We didn’t see them, but deeds and other documents written by Jewish notaries in Maltese but with Hebrew script are stored in the Mdina cathedral museum. They are said to be the earliest known texts in Maltese, dating as far back as the 14th century.
A synagogue stood in Valletta until 1979, when surrounding demolition rendered it unstable. A new one was founded in 2000 in Ta’Xbiex, about five kilometers away, in a non-descript Florida-style “mansion” on Enrico Mizzi Street. Up a darkened flight of stairs is the sanctuary with about 20 chairs, a central bimah and aron kodesh, a room used for children’s classes, and a long table, where we encounter the community’s unofficial leader, Reuben Ohayon.

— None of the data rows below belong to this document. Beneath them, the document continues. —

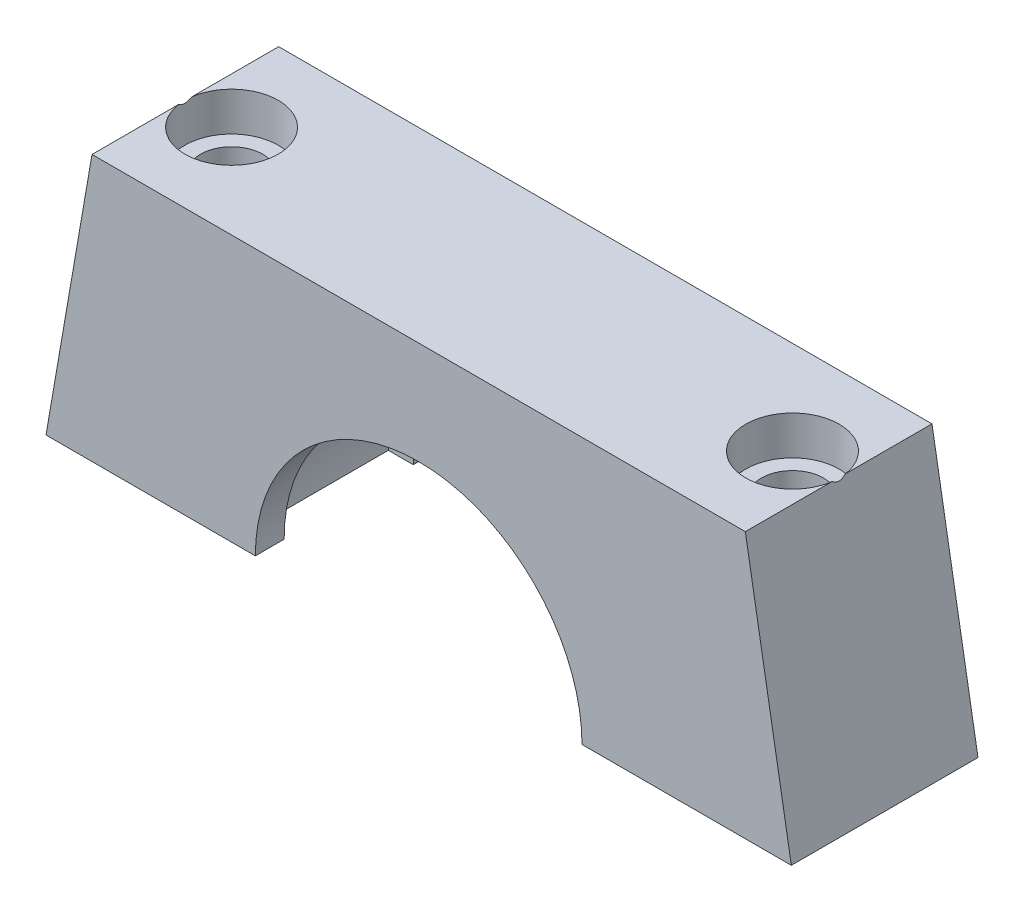
SolidWorks part; units mm, degrees
material "PET"
ref_plane "Piano frontale" through (0, 0, 0) normal (0, 0, 1) x (1, 0, 0)
ref_plane "Piano superiore" through (0, 0, 0) normal (0, 1, 0) x (1, 0, 0)
ref_plane "Piano destro" through (0, 0, 0) normal (1, 0, 0) x (0, 0, -1)
sketch "Schizzo1" plane through (0, 0, 0) normal (0, 0, 1) x (1, 0, 0)
  line L0 (-42, -54.5) -> (42, -54.5)
  line L1 (21, -17.1) -> (-21, -17.1)
  line L2 (21, -17.1) -> (21, 17.1)
  line L3 (21, 17.1) -> (-21, 17.1)
  line L4 (-21, -17.1) -> (-21, 17.1)
  line L5 (21, -17.1) -> (-21, 17.1) construction
  line L6 (21, 17.1) -> (-21, -17.1) construction
  line L7 (-42, -54.5) -> (-42, -46.5)
  line L8 (-42, -46.5) -> (-32, -46.5)
  line L9 (-32, -46.5) -> (-21, 17.1)
  line L10 (21, 17.1) -> (32, -46.5)
  line L11 (32, -46.5) -> (42, -46.5)
  line L12 (42, -46.5) -> (42, -54.5)
  line L13 (-23.9575, 0) -> (23.9575, 0)
  circle A0 centre (0, 0) radius 12.1
  point P9 (0, -54.5)
  point P16 (0, 0)
  dimension "D2" = 24.2
  dimension "D1" = 54.5
  dimension "D3" = 42
  dimension "D4" = 84
  dimension "D5" = 17.1
  dimension "D6" = 10
  dimension "D7" = 8
extrude "Estrusione-Estrusione1" add sketch "Schizzo1" along normal blind 12 contours A0 L13 L2 L3 L4 | L9 L13 L4 | L2 L13 L10
sketch "Schizzo2" plane through (0, 0, 0) normal (0, -1, 0) x (1, 0, 0)
  line L0 (-23.9575, 6) -> (-12.1, 6) construction
  line L1 (-23.9575, 12) -> (-23.9575, 0) construction
  line L2 (-12.1, 12) -> (-12.1, 0) construction
  line L3 (12.1, 6) -> (23.9575, 6) construction
  line L4 (12.1, 12) -> (12.1, 0) construction
  line L5 (23.9575, 12) -> (23.9575, 0) construction
  circle A0 centre (-18.0288, 6) radius 2
  circle A1 centre (18.0288, 6) radius 2
  dimension "D1" = 4
extrude "Taglio-Estrusione1" cut sketch "Schizzo2" against normal through all
sketch "Schizzo3" plane through (0, 17.1, 0) normal (0, 1, 0) x (1, 0, 0)
  circle A0 centre (-18.0288, -6) radius 3
  circle A1 centre (18.0288, -6) radius 3
  dimension "D1" = 6
extrude "Taglio-Estrusione2" cut sketch "Schizzo3" against normal blind 2.5
sketch "Schizzo4" plane through (0, 0, 12) normal (0, 0, 1) x (1, 0, 0)
  line L0 (-12.1, 0) -> (12.1, 0)
  circle A0 centre (0, 0) radius 10.5
  arc A1 (12.1, 0) -> (-12.1, 0) centre (0, 0) ccw construction
  arc A2 (12.1, 0) -> (-12.1, 0) centre (0, 0) ccw
  arc M2 (-12.1, 0) -> (12.1, 0) centre (0, 0) cw
  dimension "D1" = 21
extrude "Estrusione-Estrusione2" add sketch "Schizzo4" against normal blind 1.85 contours A0 L0 M2
sketch "Schizzo5" plane through (0, 0, 0) normal (0, 0, -1) x (-1, 0, 0)
  line L2 (10.5, 0) -> (12.1, 0)
  line L3 (-12.1, 0) -> (-10.5, 0)
  line L4 (10.5, 0) -> (12.1, 0)
  line L5 (-12.1, 0) -> (-10.5, 0)
  arc A2 (10.5, 0) -> (-10.5, 0) centre (0, 0) ccw
  arc A3 (12.1, 0) -> (-12.1, 0) centre (0, 0) ccw
  arc A4 (10.5, 0) -> (-10.5, 0) centre (0, 0) ccw
  arc A5 (12.1, 0) -> (-12.1, 0) centre (0, 0) ccw
  dimension "D1" = 0
extrude "Estrusione-Estrusione3" add sketch "Schizzo5" against normal blind 1.85
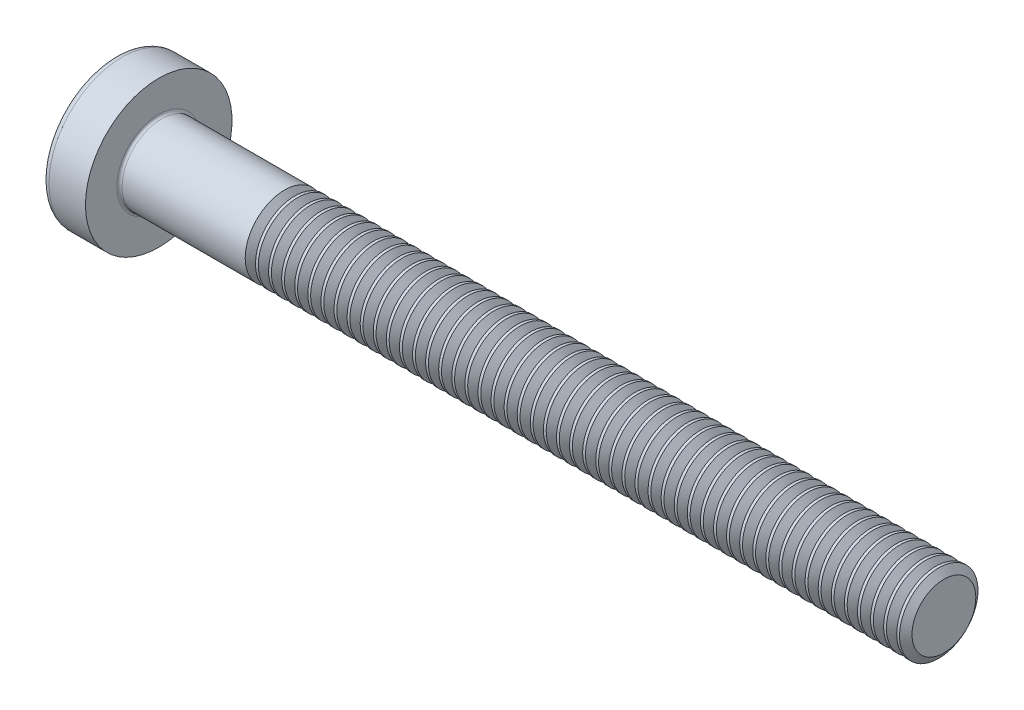
SolidWorks part; units mm, degrees
ref_plane "Plane1" through (0, 0, 0) normal (0, 0, 1) x (1, 0, 0)
ref_plane "Plane2" through (0, 0, 0) normal (0, 1, 0) x (1, 0, 0)
ref_plane "Plane3" through (0, 0, 0) normal (1, 0, 0) x (0, 0, -1)
sketch "BodySke" plane through (0, 0, 0) normal (0, 0, 1) x (1, 0, 0)
  line L0 (2.4, 1.5) -> (2.4, 2.8)
  line L1 (2.65, 6.35) -> (2.65, -3.175) construction
  line L2 (-25.4, 0) -> (127, 0) construction
  line L3 (32.4, 0) -> (0, 0)
  line L4 (2.4, 1.5) -> (32.4, 1.5)
  line L5 (32.4, 1.5) -> (32.4, 0)
  line L6 (1.0035, 2.8) -> (2.4, 2.8)
  line L8 (7.4, 6.35) -> (7.4, -3.175) construction
  arc A0 (0.7754, 2.6744) -> (0, 0) centre (5, 0) ccw
  arc A2 (0.7754, 2.6744) -> (1.0035, 2.8) centre (1.0035, 2.53) cw
  dimension "Head_crown_rad" = 5
  dimension "Head_fillet_rad" = 0.27
  dimension "Length" = 30
  dimension "Head_ht" = 2.4
  dimension "Head_dia" = 5.6
  dimension "Advance" = 0.5
  dimension "Thread_nom" = 25
  dimension "Diameter" = 3
revolve "Base-Revolve" add sketch "BodySke"
cosmetic thread "ThreadCosmetic" [suppressed]
fillet "Fillet1" radius 0.1 1 edges at (2.4, 0, 1.5)
sketch "Sketch3" plane through (0, 0, 0) normal (1, 0, 0) x (0, 0, -1)
  line L0 (0.37, -1.4) -> (-0.37, -1.4)
  line L1 (0.37, -1.4) -> (0.37, 1.4)
  line L2 (-0.37, 1.4) -> (0.37, 1.4)
  line L3 (-0.37, 1.4) -> (-0.37, -1.4)
  dimension "Cross_dia" = 2.8
  dimension "D1" = 1.4
  dimension "Cross_width" = 0.74
  dimension "D2" = 0.37
ref_plane "Plane4" through (1.75, 0, 0) normal (1, 0, 0) x (0, 0, -1)
sketch "Sketch4" plane through (1.75, 0, 0) normal (1, 0, 0) x (0, 0, -1)
  line L0 (0.37, -0.5275) -> (-0.37, -0.5275)
  line L1 (0.37, -0.5275) -> (0.37, 0.5275)
  line L2 (-0.37, 0.5275) -> (0.37, 0.5275)
  line L3 (-0.37, 0.5275) -> (-0.37, -0.5275)
  dimension "D1" = 0.74
  dimension "D2" = 1.055
  dimension "D3" = 0.37
  dimension "D4" = 0.5275
loft "Recess" cut profiles "Sketch3", "Sketch4"
pattern_circular "RecPat" count 2 every 90 about axis through (0, 0, 0) along (1, 0, 0) of "Recess"
sketch "RecCorSke" plane through (0, 0, 0) normal (0, 0, 1) x (1, 0, 0)
  line L0 (-3.175, 0) -> (15.875, 0) construction
  line L1 (-25.4, 0) -> (127, 0) construction
  line L2 (0, 0) -> (0, 0.6784)
  line L3 (0, 0.6784) -> (1.75, 0.556)
  line L4 (1.75, 0.556) -> (1.9307, 0)
  line L5 (1.9307, 0) -> (0, 0)
  dimension "Diameter" = 1.112
  dimension "Depth" = 1.75
  dimension "Draft_angle" = 4
  dimension "Bottom_angle" = 18
revolve "RecessCore" cut sketch "RecCorSke" angle 360 about L0
sketch "ThdSchSke" plane through (0, 0, 0) normal (0, 0, 1) x (1, 0, 0)
  line L0 (7.4, -1.2195) -> (7.2036, -1.5)
  line L1 (7.4, -1.2195) -> (7.5964, -1.5)
  line L2 (7.5964, -1.5) -> (7.5964, -1.875)
  line L3 (-3.175, 0) -> (5.1513, 0) construction
  line L5 (7.5964, -1.875) -> (7.2036, -1.875)
  line L6 (7.2036, -1.875) -> (7.2036, -1.5)
  dimension "Diameter" = 3
  dimension "SideAngle" = 55
  dimension "VeeAngle" = 70
  dimension "Thread_minor" = 2.439
  dimension "Overcut" = 3.75
  dimension "Start" = 7.4
revolve "ThreadSchematic" cut sketch "ThdSchSke" angle 360 about L3
pattern_linear "ThdSchPat" count 51 spacing 0.5 along (1, 0, 0) of "ThreadSchematic"
equation "\"D1@Sketch3\" = \"Cross_dia@Sketch3\" / 2"
equation "\"D2@Sketch3\" = \"Cross_width@Sketch3\" / 2"
equation "\"Depth@RecCorSke\" = \"Cross_depth@Plane4\""
equation "\"D1@Sketch4\" = \"Cross_width@Sketch3\""
equation "\"D2@Sketch4\" = \"Cross_dia@Sketch3\" - 2.0 * \"Cross_depth@Plane4\" * tan(26.5  * 0.017453292)"
equation "\"D3@Sketch4\" = \"D1@Sketch4\" / 2"
equation "\"D4@Sketch4\" = \"D2@Sketch4\" / 2"
equation "\"Thread_length@ThreadCosmetic\" = ((sgn( (\"Length@BodySke\" - \"Advance@BodySke\" * 2.0 ) - \"Thread_nom@BodySke\" )-1)*( (\"Length@BodySke\" - \"Advance@BodySke\" * 2.0 ) - \"Thread_nom@BodySke\" ))/-2+ \"Thread_nom@BodySke\""
equation "\"Thread_minor@ThdSchSke\" = \"Thread_minor@ThreadCosmetic\""
equation "\"Diameter@ThdSchSke\" = \"Diameter@BodySke\""
equation "\"Overcut@ThdSchSke\" = \"Diameter@BodySke\" * 1.25"
equation "\"Start@ThdSchSke\" = \"Head_ht@BodySke\" + \"Length@BodySke\" - \"Thread_length@ThreadCosmetic\"  '---Non-countersunk---"
equation "\"Num_threads@ThdSchPat\" = int( \"Thread_length@ThreadCosmetic\" / \"Advance@BodySke\" + 0.999 )  + 1"
equation "\"Advance@ThdSchPat\" = \"Thread_length@ThreadCosmetic\" /  (\"Num_threads@ThdSchPat\" - 1) 'relax it"

A small, soft-spoken man, Ohayon, 55, can trace his family’s roots to Portugal and Morocco. He runs a luggage import and repair shop in Valletta but spends 90 minutes every morning davening at the small shul. He also tends the community’s three Jewish cemeteries (the oldest is for Jewish slaves, and Ohayon is now negotiating for more space for the newest one). He’s no longer the community’s shoichet, as kosher food is imported from Belgium and Israel. A mikvah opened a few years ago.
This being Shabbat, no photos or notes may be taken. Ohayon is hoping for a minyan but he’s several men short. He leads the Sephardi-style service but with an Ashkenazi prayerbook. Sitting nearby is Rabbi Chaim Shalom, who established a Chabad Centre here in 2013 and set up “L’Chaim,” the country’s sole kosher restaurant, both in the nearby seaside town of St. Julian’s.
The community has six Torah scrolls. One of them, a gift from an Iranian-English Jew, is housed in a magnificent silver filigreed capsule.
Asked about the Holocaust era, Ohayon relates that the country’s Jews were unscathed (many joined the British army) but he recalls his father Avraham and others hid for months in underground shelters to escape German bombing. Some German Jews even found haven on the islands in the 1930s because Malta (a British colony until 1964) was the only European country that didn’t require visas for Jews to enter.
Ohayon proudly related that there is no anti-Semitism here. Malta’s parliament commemorates Yom Hashoah and on Malta’s second-largest island, Gozo, a moment of silence is observed. Relations with Israel, he said, are good, though the ambassador to Malta lives in Israel and visits only every two months. In 2013, Prime Minister Joseph Muscat became the first Maltese leader to visit Israel, Ohayon said.
Several dozen Israelis have settled here, working in finance and hi-tech but also in the gambling industry, as Malta’s rules in that area are said to the loosest in the EU.
Displayed in the synagogue are several Purim-themed drawings made by some of the 60 children who attend weekly classes. “They are our future,” Ohayon said. Asked about Jewish emigration, he paused and pointed to the luminous November day outside, with its puffs of briny sea air and the vague scent of a dozen kinds of wild flowers. “Why would anyone leave?” he asked.